I decided to do a little more benchmarking of my algorithm and the Rosetta code algorithm. Since both algorithms seemed pretty fast I tried using them to generate much larger lists of Fibonacci numbers. The results are shown in the table below. Again, time is in microseconds.

List Size

Rosetta Code

Mine

100

76

5

500

2892

36

1000

15058

78

5000

631680

870

10000

4152261

4767

100000

> 5 minutes (never returned)

1195938

Clearly my algorithm performs better as it doesn’t have to generate each number from scratch each time it computes a new number in the resulting list. As the list it must generate grows in size the Rosetta Code algorithm’s run time grows exponentially. For generating a list of Fibonacci numbers it’s clear my algorithm performs the best.

Conclusion

Clearly these three algorithms have very different performance characteristics. For generating a single Fibonacci number the Rosetta Code function will work fine. My function will also work fine for generating a single Fibonacci number, but will use more memory due to the list that it builds. The Dave Thomas algorithm performs poorly for anything beyond the first 30 Fibonacci numbers and probably shouldn’t be used for anything other than exercises like this.

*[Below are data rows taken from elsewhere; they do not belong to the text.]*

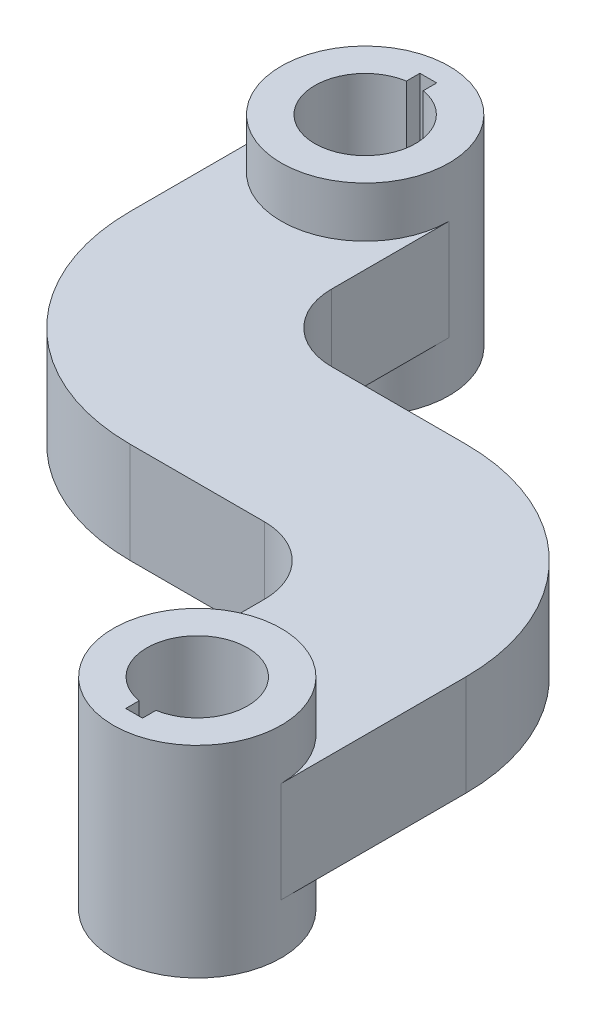
ISO-10303-21;
HEADER;
FILE_DESCRIPTION(('STEP AP214'),'2;1');
FILE_NAME('part.step','',(''),(''),'','','');
FILE_SCHEMA(('AUTOMOTIVE_DESIGN { 1 0 10303 214 1 1 1 1 }'));
ENDSEC;
DATA;
#1=APPLICATION_CONTEXT('core data for automotive mechanical design processes');
#2=APPLICATION_PROTOCOL_DEFINITION('international standard','automotive_design',2000,#1);
#3=PRODUCT_CONTEXT('',#1,'mechanical');
#4=PRODUCT('Part','Part','',(#3));
#5=PRODUCT_RELATED_PRODUCT_CATEGORY('part','',(#4));
#6=PRODUCT_DEFINITION_FORMATION('','',#4);
#7=PRODUCT_DEFINITION_CONTEXT('part definition',#1,'design');
#8=PRODUCT_DEFINITION('design','',#6,#7);
#9=PRODUCT_DEFINITION_SHAPE('','',#8);
#10=(LENGTH_UNIT() NAMED_UNIT(*) SI_UNIT(.MILLI.,.METRE.));
#11=(NAMED_UNIT(*) PLANE_ANGLE_UNIT() SI_UNIT($,.RADIAN.));
#12=(NAMED_UNIT(*) SI_UNIT($,.STERADIAN.) SOLID_ANGLE_UNIT());
#13=UNCERTAINTY_MEASURE_WITH_UNIT(LENGTH_MEASURE(1.E-05),#10,'distance_accuracy_value','');
#14=(GEOMETRIC_REPRESENTATION_CONTEXT(3) GLOBAL_UNCERTAINTY_ASSIGNED_CONTEXT((#13)) GLOBAL_UNIT_ASSIGNED_CONTEXT((#10,
#11,#12)) REPRESENTATION_CONTEXT('',''));
#15=CARTESIAN_POINT('',(0.,0.,0.));
#16=DIRECTION('',(0.,0.,1.));
#17=DIRECTION('',(1.,0.,0.));
#18=AXIS2_PLACEMENT_3D('',#15,#16,#17);
#19=CARTESIAN_POINT('',(19.05,19.05,57.15));
#20=DIRECTION('',(0.,-1.,0.));
#21=DIRECTION('',(0.,0.,-1.));
#22=AXIS2_PLACEMENT_3D('',#19,#20,#21);
#23=CYLINDRICAL_SURFACE('',#22,25.4);
#24=CARTESIAN_POINT('',(19.05,-19.05,57.15));
#25=DIRECTION('',(0.,-1.,0.));
#26=DIRECTION('',(0.,0.,1.));
#27=AXIS2_PLACEMENT_3D('',#24,#25,#26);
#28=CIRCLE('',#27,25.4);
#29=CARTESIAN_POINT('',(19.05,-19.05,31.75));
#30=VERTEX_POINT('',#29);
#31=CARTESIAN_POINT('',(44.45,-19.05,57.15));
#32=VERTEX_POINT('',#31);
#33=EDGE_CURVE('E297',#30,#32,#28,.T.);
#34=ORIENTED_EDGE('',*,*,#33,.T.);
#35=DIRECTION('',(0.,-1.,0.));
#36=VECTOR('',#35,1.);
#37=CARTESIAN_POINT('',(44.45,19.05,57.15));
#38=LINE('',#37,#36);
#39=CARTESIAN_POINT('',(44.45,19.05,57.15));
#40=VERTEX_POINT('',#39);
#41=EDGE_CURVE('E403',#40,#32,#38,.T.);
#42=ORIENTED_EDGE('',*,*,#41,.F.);
#43=CARTESIAN_POINT('',(19.05,19.05,57.15));
#44=DIRECTION('',(0.,-1.,0.));
#45=DIRECTION('',(0.,0.,1.));
#46=AXIS2_PLACEMENT_3D('',#43,#44,#45);
#47=CIRCLE('',#46,25.4);
#48=CARTESIAN_POINT('',(19.05,19.05,31.75));
#49=VERTEX_POINT('',#48);
#50=EDGE_CURVE('E302',#49,#40,#47,.T.);
#51=ORIENTED_EDGE('',*,*,#50,.F.);
#52=DIRECTION('',(0.,-1.,0.));
#53=VECTOR('',#52,1.);
#54=CARTESIAN_POINT('',(19.05,19.05,31.75));
#55=LINE('',#54,#53);
#56=EDGE_CURVE('E407',#49,#30,#55,.T.);
#57=ORIENTED_EDGE('',*,*,#56,.T.);
#58=EDGE_LOOP('',(#34,#42,#51,#57));
#59=FACE_BOUND('',#58,.T.);
#60=ADVANCED_FACE('F43',(#59),#23,.F.);
#61=CARTESIAN_POINT('',(44.45,19.05,114.3));
#62=DIRECTION('',(1.,0.,0.));
#63=DIRECTION('',(0.,0.,-1.));
#64=AXIS2_PLACEMENT_3D('',#61,#62,#63);
#65=PLANE('',#64);
#66=DIRECTION('',(0.,0.,1.));
#67=VECTOR('',#66,1.);
#68=CARTESIAN_POINT('',(44.45,-19.05,114.3));
#69=LINE('',#68,#67);
#70=CARTESIAN_POINT('',(44.45,-19.05,114.3));
#71=VERTEX_POINT('',#70);
#72=EDGE_CURVE('E335',#32,#71,#69,.T.);
#73=ORIENTED_EDGE('',*,*,#72,.T.);
#74=DIRECTION('',(0.,-1.,0.));
#75=VECTOR('',#74,1.);
#76=CARTESIAN_POINT('',(44.45,19.05,114.3));
#77=LINE('',#76,#75);
#78=CARTESIAN_POINT('',(44.45,19.05,114.3));
#79=VERTEX_POINT('',#78);
#80=EDGE_CURVE('E399',#79,#71,#77,.T.);
#81=ORIENTED_EDGE('',*,*,#80,.F.);
#82=DIRECTION('',(0.,0.,1.));
#83=VECTOR('',#82,1.);
#84=CARTESIAN_POINT('',(44.45,19.05,114.3));
#85=LINE('',#84,#83);
#86=EDGE_CURVE('E306',#40,#79,#85,.T.);
#87=ORIENTED_EDGE('',*,*,#86,.F.);
#88=ORIENTED_EDGE('',*,*,#41,.T.);
#89=EDGE_LOOP('',(#73,#81,#87,#88));
#90=FACE_BOUND('',#89,.T.);
#91=ADVANCED_FACE('F467',(#90),#65,.F.);
#92=CARTESIAN_POINT('',(76.2,19.05,114.3));
#93=DIRECTION('',(0.,-1.,0.));
#94=DIRECTION('',(0.,0.,-1.));
#95=AXIS2_PLACEMENT_3D('',#92,#93,#94);
#96=CYLINDRICAL_SURFACE('',#95,31.75);
#97=ORIENTED_EDGE('',*,*,#80,.T.);
#98=CARTESIAN_POINT('',(76.2,-19.05,114.3));
#99=DIRECTION('',(0.,-1.,0.));
#100=DIRECTION('',(0.,0.,-1.));
#101=AXIS2_PLACEMENT_3D('',#98,#99,#100);
#102=CIRCLE('',#101,31.75);
#103=CARTESIAN_POINT('',(107.95,-19.05,114.3));
#104=VERTEX_POINT('',#103);
#105=EDGE_CURVE('E11',#71,#104,#102,.T.);
#106=ORIENTED_EDGE('',*,*,#105,.T.);
#107=DIRECTION('',(0.,-1.,0.));
#108=VECTOR('',#107,1.);
#109=CARTESIAN_POINT('',(107.95,19.05,114.3));
#110=LINE('',#109,#108);
#111=CARTESIAN_POINT('',(107.95,19.05,114.3));
#112=VERTEX_POINT('',#111);
#113=EDGE_CURVE('E395',#112,#104,#110,.T.);
#114=ORIENTED_EDGE('',*,*,#113,.F.);
#115=CARTESIAN_POINT('',(76.2,19.05,114.3));
#116=DIRECTION('',(0.,-1.,0.));
#117=DIRECTION('',(0.,0.,-1.));
#118=AXIS2_PLACEMENT_3D('',#115,#116,#117);
#119=CIRCLE('',#118,31.75);
#120=EDGE_CURVE('E282',#79,#112,#119,.T.);
#121=ORIENTED_EDGE('',*,*,#120,.F.);
#122=EDGE_LOOP('',(#97,#106,#114,#121));
#123=FACE_BOUND('',#122,.T.);
#124=CARTESIAN_POINT('',(76.2,-38.1,114.3));
#125=DIRECTION('',(0.,1.,0.));
#126=DIRECTION('',(0.,0.,1.));
#127=AXIS2_PLACEMENT_3D('',#124,#125,#126);
#128=CIRCLE('',#127,31.75);
#129=CARTESIAN_POINT('',(76.2,-38.1,146.05));
#130=VERTEX_POINT('',#129);
#131=EDGE_CURVE('E278',#130,#130,#128,.T.);
#132=ORIENTED_EDGE('',*,*,#131,.T.);
#133=EDGE_LOOP('',(#132));
#134=FACE_BOUND('',#133,.T.);
#135=CARTESIAN_POINT('',(76.2,38.1,114.3));
#136=DIRECTION('',(0.,1.,0.));
#137=DIRECTION('',(0.,0.,1.));
#138=AXIS2_PLACEMENT_3D('',#135,#136,#137);
#139=CIRCLE('',#138,31.75);
#140=CARTESIAN_POINT('',(76.2,38.1,146.05));
#141=VERTEX_POINT('',#140);
#142=EDGE_CURVE('E226',#141,#141,#139,.T.);
#143=ORIENTED_EDGE('',*,*,#142,.F.);
#144=EDGE_LOOP('',(#143));
#145=FACE_BOUND('',#144,.T.);
#146=ADVANCED_FACE('F462',(#123,#134,#145),#96,.T.);
#147=CARTESIAN_POINT('',(107.95,19.05,44.45));
#148=DIRECTION('',(-1.,0.,0.));
#149=DIRECTION('',(0.,0.,1.));
#150=AXIS2_PLACEMENT_3D('',#147,#148,#149);
#151=PLANE('',#150);
#152=DIRECTION('',(0.,0.,-1.));
#153=VECTOR('',#152,1.);
#154=CARTESIAN_POINT('',(107.95,-19.05,44.45));
#155=LINE('',#154,#153);
#156=CARTESIAN_POINT('',(107.95,-19.05,44.45));
#157=VERTEX_POINT('',#156);
#158=EDGE_CURVE('E339',#104,#157,#155,.T.);
#159=ORIENTED_EDGE('',*,*,#158,.T.);
#160=DIRECTION('',(0.,-1.,0.));
#161=VECTOR('',#160,1.);
#162=CARTESIAN_POINT('',(107.95,19.05,44.45));
#163=LINE('',#162,#161);
#164=CARTESIAN_POINT('',(107.95,19.05,44.45));
#165=VERTEX_POINT('',#164);
#166=EDGE_CURVE('E391',#165,#157,#163,.T.);
#167=ORIENTED_EDGE('',*,*,#166,.F.);
#168=DIRECTION('',(0.,0.,-1.));
#169=VECTOR('',#168,1.);
#170=CARTESIAN_POINT('',(107.95,19.05,44.45));
#171=LINE('',#170,#169);
#172=EDGE_CURVE('E310',#112,#165,#171,.T.);
#173=ORIENTED_EDGE('',*,*,#172,.F.);
#174=ORIENTED_EDGE('',*,*,#113,.T.);
#175=EDGE_LOOP('',(#159,#167,#173,#174));
#176=FACE_BOUND('',#175,.T.);
#177=ADVANCED_FACE('F460',(#176),#151,.F.);
#178=CARTESIAN_POINT('',(31.75,19.05,44.45));
#179=DIRECTION('',(0.,-1.,0.));
#180=DIRECTION('',(0.,0.,-1.));
#181=AXIS2_PLACEMENT_3D('',#178,#179,#180);
#182=CYLINDRICAL_SURFACE('',#181,76.2);
#183=CARTESIAN_POINT('',(31.75,-19.05,44.45));
#184=DIRECTION('',(0.,1.,0.));
#185=DIRECTION('',(0.,0.,-1.));
#186=AXIS2_PLACEMENT_3D('',#183,#184,#185);
#187=CIRCLE('',#186,76.2);
#188=CARTESIAN_POINT('',(31.75,-19.05,-31.75));
#189=VERTEX_POINT('',#188);
#190=EDGE_CURVE('E342',#157,#189,#187,.T.);
#191=ORIENTED_EDGE('',*,*,#190,.T.);
#192=DIRECTION('',(0.,-1.,0.));
#193=VECTOR('',#192,1.);
#194=CARTESIAN_POINT('',(31.75,19.05,-31.75));
#195=LINE('',#194,#193);
#196=CARTESIAN_POINT('',(31.75,19.05,-31.75));
#197=VERTEX_POINT('',#196);
#198=EDGE_CURVE('E387',#197,#189,#195,.T.);
#199=ORIENTED_EDGE('',*,*,#198,.F.);
#200=CARTESIAN_POINT('',(31.75,19.05,44.45));
#201=DIRECTION('',(0.,1.,0.));
#202=DIRECTION('',(0.,0.,-1.));
#203=AXIS2_PLACEMENT_3D('',#200,#201,#202);
#204=CIRCLE('',#203,76.2);
#205=EDGE_CURVE('E313',#165,#197,#204,.T.);
#206=ORIENTED_EDGE('',*,*,#205,.F.);
#207=ORIENTED_EDGE('',*,*,#166,.T.);
#208=EDGE_LOOP('',(#191,#199,#206,#207));
#209=FACE_BOUND('',#208,.T.);
#210=ADVANCED_FACE('F454',(#209),#182,.T.);
#211=CARTESIAN_POINT('',(-19.0499999999998,19.05,-31.75));
#212=DIRECTION('',(0.,0.,1.));
#213=DIRECTION('',(1.,0.,0.));
#214=AXIS2_PLACEMENT_3D('',#211,#212,#213);
#215=PLANE('',#214);
#216=DIRECTION('',(-1.,0.,0.));
#217=VECTOR('',#216,1.);
#218=CARTESIAN_POINT('',(-19.0499999999998,-19.05,-31.75));
#219=LINE('',#218,#217);
#220=CARTESIAN_POINT('',(-19.05,-19.05,-31.75));
#221=VERTEX_POINT('',#220);
#222=EDGE_CURVE('E346',#189,#221,#219,.T.);
#223=ORIENTED_EDGE('',*,*,#222,.T.);
#224=DIRECTION('',(0.,-1.,0.));
#225=VECTOR('',#224,1.);
#226=CARTESIAN_POINT('',(-19.05,19.05,-31.75));
#227=LINE('',#226,#225);
#228=CARTESIAN_POINT('',(-19.05,19.05,-31.75));
#229=VERTEX_POINT('',#228);
#230=EDGE_CURVE('E383',#229,#221,#227,.T.);
#231=ORIENTED_EDGE('',*,*,#230,.F.);
#232=DIRECTION('',(-1.,0.,0.));
#233=VECTOR('',#232,1.);
#234=CARTESIAN_POINT('',(0.,19.05,-31.75));
#235=LINE('',#234,#233);
#236=EDGE_CURVE('E316',#197,#229,#235,.T.);
#237=ORIENTED_EDGE('',*,*,#236,.F.);
#238=ORIENTED_EDGE('',*,*,#198,.T.);
#239=EDGE_LOOP('',(#223,#231,#237,#238));
#240=FACE_BOUND('',#239,.T.);
#241=ADVANCED_FACE('F450',(#240),#215,.F.);
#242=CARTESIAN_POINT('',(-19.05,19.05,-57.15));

My algorithm, which was designed to generate a list of Fibonacci numbers, turns out to be the best algorithm for generating a list of Fibonacci numbers. Looping over the Fibonacci functions for the other algorithms greatly degrades their performance. It’s better to design a new Fibonacci function that generates the full list in one recursive call rather than reusing an existing Fibonacci function that only generates one number at a time to build the list.